Top of Entries supplied

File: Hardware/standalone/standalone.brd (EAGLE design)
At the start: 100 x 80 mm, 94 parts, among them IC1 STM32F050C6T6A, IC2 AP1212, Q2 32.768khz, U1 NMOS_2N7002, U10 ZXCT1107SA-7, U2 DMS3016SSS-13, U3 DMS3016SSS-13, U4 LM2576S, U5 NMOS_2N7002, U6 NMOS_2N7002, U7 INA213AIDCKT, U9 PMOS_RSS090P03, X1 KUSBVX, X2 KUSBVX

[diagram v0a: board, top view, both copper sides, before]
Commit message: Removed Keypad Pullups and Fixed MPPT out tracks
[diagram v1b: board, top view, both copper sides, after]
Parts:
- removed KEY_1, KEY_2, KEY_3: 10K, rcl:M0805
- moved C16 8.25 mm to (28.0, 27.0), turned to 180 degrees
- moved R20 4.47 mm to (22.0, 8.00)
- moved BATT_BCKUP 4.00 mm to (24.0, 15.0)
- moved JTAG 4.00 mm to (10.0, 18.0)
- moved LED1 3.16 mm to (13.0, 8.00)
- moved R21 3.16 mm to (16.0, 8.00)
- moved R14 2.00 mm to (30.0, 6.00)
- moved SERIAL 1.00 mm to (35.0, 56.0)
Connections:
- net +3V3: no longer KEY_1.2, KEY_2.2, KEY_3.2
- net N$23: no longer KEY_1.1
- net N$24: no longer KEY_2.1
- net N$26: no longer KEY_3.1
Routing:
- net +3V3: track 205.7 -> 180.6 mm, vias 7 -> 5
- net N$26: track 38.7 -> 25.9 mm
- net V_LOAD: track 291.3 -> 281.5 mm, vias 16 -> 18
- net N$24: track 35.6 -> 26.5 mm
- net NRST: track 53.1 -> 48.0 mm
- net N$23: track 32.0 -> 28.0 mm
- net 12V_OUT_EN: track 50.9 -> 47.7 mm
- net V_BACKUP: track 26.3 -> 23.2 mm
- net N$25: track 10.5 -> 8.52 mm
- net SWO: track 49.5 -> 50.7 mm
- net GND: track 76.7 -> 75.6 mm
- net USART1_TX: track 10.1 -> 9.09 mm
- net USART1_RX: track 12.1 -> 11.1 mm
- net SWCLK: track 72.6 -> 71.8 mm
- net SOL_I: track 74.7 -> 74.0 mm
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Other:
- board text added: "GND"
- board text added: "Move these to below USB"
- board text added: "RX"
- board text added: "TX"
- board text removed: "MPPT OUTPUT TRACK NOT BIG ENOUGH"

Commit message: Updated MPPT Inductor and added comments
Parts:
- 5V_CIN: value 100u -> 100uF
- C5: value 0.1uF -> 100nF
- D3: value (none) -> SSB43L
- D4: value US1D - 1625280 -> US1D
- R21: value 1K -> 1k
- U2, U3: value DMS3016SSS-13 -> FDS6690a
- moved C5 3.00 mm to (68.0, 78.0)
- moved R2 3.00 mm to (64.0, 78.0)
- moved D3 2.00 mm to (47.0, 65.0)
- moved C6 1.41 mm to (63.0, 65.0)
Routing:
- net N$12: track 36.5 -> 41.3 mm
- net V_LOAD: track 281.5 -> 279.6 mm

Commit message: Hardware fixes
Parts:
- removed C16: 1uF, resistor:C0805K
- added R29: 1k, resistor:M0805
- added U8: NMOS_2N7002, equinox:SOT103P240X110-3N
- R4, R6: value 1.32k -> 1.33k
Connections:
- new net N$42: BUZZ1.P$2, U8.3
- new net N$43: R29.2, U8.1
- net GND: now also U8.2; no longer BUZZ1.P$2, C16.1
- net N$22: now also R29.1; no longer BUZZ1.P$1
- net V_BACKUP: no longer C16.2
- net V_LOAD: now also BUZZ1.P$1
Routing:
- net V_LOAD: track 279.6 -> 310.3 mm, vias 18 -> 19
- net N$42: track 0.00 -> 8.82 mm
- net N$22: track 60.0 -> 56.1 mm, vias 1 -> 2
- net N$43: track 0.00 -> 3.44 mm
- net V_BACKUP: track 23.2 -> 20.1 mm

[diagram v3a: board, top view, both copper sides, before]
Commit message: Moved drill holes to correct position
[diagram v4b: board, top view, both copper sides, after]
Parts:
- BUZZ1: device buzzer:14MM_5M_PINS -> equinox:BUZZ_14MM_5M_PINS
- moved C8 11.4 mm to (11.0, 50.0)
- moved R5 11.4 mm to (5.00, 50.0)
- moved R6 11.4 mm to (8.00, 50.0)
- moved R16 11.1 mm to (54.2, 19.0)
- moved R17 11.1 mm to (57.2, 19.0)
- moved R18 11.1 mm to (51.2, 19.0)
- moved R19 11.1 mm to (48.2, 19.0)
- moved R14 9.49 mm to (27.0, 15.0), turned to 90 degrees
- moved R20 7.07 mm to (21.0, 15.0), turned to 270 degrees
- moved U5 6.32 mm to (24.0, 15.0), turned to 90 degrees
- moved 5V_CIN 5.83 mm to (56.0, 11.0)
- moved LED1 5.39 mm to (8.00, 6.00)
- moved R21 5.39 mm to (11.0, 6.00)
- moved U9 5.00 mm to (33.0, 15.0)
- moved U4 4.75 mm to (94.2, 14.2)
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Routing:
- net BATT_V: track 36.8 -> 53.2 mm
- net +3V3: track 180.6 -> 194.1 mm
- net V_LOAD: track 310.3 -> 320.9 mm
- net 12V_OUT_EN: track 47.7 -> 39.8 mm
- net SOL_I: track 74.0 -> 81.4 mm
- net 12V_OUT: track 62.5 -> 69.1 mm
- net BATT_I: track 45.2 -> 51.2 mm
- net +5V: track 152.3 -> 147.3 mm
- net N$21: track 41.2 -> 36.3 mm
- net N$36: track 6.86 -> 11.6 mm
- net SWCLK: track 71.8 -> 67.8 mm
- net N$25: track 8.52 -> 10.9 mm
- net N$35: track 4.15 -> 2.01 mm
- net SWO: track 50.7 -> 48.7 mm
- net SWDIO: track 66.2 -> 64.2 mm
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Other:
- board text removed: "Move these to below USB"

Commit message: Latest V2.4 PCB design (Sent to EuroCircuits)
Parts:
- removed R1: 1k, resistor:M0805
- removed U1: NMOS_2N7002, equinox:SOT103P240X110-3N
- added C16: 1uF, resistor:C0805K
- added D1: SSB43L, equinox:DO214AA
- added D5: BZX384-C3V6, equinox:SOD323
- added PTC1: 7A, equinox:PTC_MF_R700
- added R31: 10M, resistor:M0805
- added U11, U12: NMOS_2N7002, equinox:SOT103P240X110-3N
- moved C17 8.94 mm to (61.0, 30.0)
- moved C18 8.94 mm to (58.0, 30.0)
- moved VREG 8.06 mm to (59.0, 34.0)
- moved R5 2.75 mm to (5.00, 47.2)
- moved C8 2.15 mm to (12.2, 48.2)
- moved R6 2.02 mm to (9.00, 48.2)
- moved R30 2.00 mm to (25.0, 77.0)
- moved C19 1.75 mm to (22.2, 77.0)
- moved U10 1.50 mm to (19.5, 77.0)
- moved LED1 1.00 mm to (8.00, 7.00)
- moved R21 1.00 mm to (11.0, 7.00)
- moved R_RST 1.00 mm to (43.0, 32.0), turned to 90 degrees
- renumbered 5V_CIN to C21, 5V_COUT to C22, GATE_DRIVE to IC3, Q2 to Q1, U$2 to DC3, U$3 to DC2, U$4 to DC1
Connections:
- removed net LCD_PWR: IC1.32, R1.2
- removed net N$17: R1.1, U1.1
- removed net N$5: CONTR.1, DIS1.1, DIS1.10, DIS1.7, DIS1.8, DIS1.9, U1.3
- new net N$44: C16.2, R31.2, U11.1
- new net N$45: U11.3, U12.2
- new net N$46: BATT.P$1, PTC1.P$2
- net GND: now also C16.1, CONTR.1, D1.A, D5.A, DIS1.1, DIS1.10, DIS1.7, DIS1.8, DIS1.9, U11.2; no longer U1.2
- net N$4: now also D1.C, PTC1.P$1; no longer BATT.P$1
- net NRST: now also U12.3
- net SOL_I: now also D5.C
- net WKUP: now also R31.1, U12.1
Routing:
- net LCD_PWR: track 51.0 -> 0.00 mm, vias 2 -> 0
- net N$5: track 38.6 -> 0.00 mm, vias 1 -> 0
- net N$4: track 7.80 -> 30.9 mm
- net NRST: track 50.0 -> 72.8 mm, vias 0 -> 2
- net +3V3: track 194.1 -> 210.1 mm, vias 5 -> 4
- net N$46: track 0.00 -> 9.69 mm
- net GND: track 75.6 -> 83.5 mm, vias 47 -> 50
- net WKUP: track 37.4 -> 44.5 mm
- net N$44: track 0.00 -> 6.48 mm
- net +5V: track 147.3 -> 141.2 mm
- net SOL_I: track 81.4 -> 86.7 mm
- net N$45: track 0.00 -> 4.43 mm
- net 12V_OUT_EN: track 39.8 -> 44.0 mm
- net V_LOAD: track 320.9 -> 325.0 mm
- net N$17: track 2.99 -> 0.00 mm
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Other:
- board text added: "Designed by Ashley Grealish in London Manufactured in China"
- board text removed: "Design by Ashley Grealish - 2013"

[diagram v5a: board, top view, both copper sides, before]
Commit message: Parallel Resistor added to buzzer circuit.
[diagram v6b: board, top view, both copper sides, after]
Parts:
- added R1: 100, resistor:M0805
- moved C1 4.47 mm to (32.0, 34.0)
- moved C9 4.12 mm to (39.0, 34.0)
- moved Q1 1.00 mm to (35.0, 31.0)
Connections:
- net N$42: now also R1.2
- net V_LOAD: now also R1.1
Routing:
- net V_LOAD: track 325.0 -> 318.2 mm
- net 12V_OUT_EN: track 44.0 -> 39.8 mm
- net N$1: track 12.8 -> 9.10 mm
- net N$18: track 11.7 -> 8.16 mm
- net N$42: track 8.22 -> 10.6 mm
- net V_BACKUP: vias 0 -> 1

Bottom of Entries supplied

# Task statement
In the entries above, find every line with the word "Grealish" and list it.

# Exercise output
- board text added: "Designed by Ashley Grealish in London Manufactured in China"
- board text removed: "Design by Ashley Grealish - 2013"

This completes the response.